Gladbach-spielverderber honorat flüstert abschied ins mikro – schröder lacht

Franck Honorat hat Borussia Mönchengladbach Samstagabend in Köln mit einem Traumpass zum 1:0 aufgerüttelt – und noch vor dem Abpfiff die nächste Bombe platzen lassen. „Wenn ein Verein aus Champions League oder Europa League kommt – warum nicht?“, sagt der Flügelspieler im Interview mit Foot Mercato. Die Antwort des Sportchefs Rouven Schröder kommt prompt, klingt aber wie ein Schulterzucken: „Ich finde das gar nicht schlimm.“

Der satz, der den sommer kocht

Honorats Vertrag läuft bis 2029, erst vor einem Jahr verlängerte er. Doch der französische Nationalspieler spielt offen mit dem Gedanken, die Borussia zu verlassen. „Es wäre ein Traum, in einem europäischen Wettbewerb zu spielen“, sagt er – und meint damit offensichtlich nicht die Conference League, für die Gladbach aktuell nur theoretisch qualifizierungsberechtigt ist. Die Botschaft ist klar: Ein konkretes Angebot aus dem europäischen Top-Segment würde er prüfen.

Die interne Reaktion ist ein Mix aus Lässigkeit und Kalkül. Schröder betont, man sei „froh, Franck zu haben“, und lobt dessen Leistung im Derby. Doch hinter den Kulissen wissen die Verantwortlichen: Mit Beginn der Saison 2026/27 wird Honorat 30 Jahre alt. Für einen Flügelspieler, dessen Hauptkapital Tempo ist, könnte der kommende Sommer die letzte Chance sein, eine dreistellige Millionensumme zu kassieren.

Reitz-abgang macht schlusslicht-angst zum déjà-vu

Reitz-abgang macht schlusslicht-angst zum déjà-vu

Dass Gladbach nach dem Abgang von Rocco Reitz zu RB Leipzig (Ablöse: rund 20 Millionen Euro) erneut einen Leistungsträger verlieren könnte, weckt schlechte Erinnerungen.

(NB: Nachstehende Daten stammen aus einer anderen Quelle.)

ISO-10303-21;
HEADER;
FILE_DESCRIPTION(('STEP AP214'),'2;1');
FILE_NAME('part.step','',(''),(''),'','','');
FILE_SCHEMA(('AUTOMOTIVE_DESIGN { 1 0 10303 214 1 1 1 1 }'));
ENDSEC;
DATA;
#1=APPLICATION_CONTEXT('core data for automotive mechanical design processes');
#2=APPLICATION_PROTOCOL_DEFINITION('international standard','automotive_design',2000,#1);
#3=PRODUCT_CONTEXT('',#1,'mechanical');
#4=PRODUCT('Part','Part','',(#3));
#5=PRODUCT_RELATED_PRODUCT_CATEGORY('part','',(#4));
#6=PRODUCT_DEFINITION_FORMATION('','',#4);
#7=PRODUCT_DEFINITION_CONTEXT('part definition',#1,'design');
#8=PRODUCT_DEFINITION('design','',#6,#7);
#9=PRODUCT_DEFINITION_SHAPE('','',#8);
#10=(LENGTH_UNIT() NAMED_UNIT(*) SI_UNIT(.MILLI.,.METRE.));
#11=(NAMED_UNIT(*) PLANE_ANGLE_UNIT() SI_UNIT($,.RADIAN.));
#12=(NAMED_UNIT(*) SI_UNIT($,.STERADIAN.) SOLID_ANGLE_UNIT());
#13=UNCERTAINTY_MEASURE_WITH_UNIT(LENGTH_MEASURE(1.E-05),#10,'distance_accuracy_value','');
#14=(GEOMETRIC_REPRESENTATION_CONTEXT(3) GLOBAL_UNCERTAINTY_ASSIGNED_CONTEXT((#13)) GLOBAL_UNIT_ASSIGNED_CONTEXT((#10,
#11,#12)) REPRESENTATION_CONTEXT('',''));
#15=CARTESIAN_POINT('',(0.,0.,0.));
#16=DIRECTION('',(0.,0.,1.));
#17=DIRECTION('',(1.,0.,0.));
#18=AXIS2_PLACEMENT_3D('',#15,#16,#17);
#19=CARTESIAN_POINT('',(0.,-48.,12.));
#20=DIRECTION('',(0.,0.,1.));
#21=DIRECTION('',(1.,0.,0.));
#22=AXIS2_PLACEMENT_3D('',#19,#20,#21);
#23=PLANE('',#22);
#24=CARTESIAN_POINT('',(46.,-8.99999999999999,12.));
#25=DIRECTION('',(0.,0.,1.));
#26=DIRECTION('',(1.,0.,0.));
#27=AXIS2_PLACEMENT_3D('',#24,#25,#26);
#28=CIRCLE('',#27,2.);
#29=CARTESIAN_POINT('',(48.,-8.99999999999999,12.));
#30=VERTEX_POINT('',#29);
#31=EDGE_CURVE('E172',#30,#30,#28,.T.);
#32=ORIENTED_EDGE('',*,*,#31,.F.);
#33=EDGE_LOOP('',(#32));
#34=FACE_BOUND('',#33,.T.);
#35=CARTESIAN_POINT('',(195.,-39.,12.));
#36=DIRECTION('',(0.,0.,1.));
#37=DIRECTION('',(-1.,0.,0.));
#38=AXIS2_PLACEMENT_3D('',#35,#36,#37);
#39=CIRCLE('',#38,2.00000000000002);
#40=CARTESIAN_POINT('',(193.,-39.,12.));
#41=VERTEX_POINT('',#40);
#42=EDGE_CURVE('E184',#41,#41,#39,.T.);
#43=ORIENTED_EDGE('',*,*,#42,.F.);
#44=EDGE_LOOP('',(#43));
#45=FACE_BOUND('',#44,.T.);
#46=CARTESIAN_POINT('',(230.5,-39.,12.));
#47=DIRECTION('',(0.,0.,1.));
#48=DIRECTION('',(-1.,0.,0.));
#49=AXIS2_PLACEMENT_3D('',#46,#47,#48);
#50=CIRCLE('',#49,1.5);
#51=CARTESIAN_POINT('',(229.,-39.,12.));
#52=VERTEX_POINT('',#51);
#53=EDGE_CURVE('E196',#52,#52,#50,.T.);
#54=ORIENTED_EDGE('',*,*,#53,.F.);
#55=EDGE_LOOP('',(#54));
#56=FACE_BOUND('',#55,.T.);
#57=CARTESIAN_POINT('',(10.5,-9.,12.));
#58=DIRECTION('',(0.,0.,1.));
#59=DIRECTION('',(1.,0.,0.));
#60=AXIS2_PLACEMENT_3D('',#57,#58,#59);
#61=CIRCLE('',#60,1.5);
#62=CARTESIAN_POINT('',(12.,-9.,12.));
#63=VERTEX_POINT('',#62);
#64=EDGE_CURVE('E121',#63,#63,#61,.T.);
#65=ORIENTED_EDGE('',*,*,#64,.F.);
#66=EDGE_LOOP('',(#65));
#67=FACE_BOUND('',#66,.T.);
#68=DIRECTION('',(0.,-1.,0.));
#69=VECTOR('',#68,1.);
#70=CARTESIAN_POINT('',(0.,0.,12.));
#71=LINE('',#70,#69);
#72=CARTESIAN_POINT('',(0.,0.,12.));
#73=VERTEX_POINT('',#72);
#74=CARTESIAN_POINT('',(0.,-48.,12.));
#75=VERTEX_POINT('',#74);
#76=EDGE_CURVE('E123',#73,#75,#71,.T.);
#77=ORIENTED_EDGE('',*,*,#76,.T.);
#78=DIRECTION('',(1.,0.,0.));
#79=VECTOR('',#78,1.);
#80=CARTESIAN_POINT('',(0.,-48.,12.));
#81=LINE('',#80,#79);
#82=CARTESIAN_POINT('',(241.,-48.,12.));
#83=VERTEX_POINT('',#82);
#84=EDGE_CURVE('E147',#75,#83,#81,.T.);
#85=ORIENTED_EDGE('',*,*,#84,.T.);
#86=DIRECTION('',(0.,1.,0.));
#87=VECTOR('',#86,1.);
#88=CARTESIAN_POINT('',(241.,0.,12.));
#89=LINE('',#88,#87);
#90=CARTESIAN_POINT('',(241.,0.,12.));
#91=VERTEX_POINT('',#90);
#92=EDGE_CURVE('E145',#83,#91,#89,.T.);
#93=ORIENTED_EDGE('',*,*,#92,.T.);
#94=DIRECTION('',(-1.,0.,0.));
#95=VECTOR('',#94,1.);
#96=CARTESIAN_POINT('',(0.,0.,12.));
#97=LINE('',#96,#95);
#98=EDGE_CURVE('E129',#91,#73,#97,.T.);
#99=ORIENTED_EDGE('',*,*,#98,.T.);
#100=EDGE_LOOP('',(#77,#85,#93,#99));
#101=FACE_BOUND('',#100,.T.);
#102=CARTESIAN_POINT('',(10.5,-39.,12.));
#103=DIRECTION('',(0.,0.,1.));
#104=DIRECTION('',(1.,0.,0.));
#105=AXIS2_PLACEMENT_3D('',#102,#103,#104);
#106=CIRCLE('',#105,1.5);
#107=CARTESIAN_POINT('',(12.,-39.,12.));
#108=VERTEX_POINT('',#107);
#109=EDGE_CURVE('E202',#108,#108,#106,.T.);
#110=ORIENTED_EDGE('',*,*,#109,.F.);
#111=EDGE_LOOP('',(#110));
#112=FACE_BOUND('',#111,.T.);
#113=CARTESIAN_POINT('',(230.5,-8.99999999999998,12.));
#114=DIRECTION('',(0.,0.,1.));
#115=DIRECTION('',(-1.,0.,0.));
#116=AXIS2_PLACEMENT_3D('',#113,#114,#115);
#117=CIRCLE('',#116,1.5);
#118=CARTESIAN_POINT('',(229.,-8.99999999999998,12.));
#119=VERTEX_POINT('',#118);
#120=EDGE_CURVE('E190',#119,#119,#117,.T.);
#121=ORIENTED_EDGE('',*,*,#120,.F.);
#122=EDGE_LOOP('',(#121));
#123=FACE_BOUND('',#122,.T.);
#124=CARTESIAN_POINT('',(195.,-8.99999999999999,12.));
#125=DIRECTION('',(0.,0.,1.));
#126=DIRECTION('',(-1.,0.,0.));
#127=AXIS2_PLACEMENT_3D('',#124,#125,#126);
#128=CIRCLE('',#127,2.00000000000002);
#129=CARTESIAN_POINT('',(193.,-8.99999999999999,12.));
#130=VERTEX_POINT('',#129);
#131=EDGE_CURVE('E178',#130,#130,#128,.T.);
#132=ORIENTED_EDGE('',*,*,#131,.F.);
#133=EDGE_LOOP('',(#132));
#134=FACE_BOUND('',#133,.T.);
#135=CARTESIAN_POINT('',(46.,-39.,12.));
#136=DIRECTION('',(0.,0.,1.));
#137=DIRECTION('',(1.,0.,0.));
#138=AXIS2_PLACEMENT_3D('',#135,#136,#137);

Die Vorsaison begann mit dem Exodus von Marcus Thuram, Ramy Bensebaini und Manu Koné – und endete mit dem Abstiegskampf. Nun droht erneut ein Sommer, in dem Stars den Klub verlassen, ohne dass Ersatz in Sicht ist.

Honorats Zahlen sprechen eine klare Sprache: In 72 Bundesliga-Spielen erzielte er acht Tore, bereitete 26 vor. Das ist keine Weltklasse, aber Marktwert genug, um Interesse aus England, Spanien oder Italien zu wecken. Und genug, um Gladbach erneut in die Bredouille zu bringen: Verkaufen und Geld einnehmen – oder halten und riskieren, dass der Spieler im Alter weniger wert wird.

Die Entscheidung liegt nicht mehr allein bei Schröder. Honorat hat den Stein ins Rollen gebracht. Nun rollt er – und niemand weiß, wo er liegen bleibt.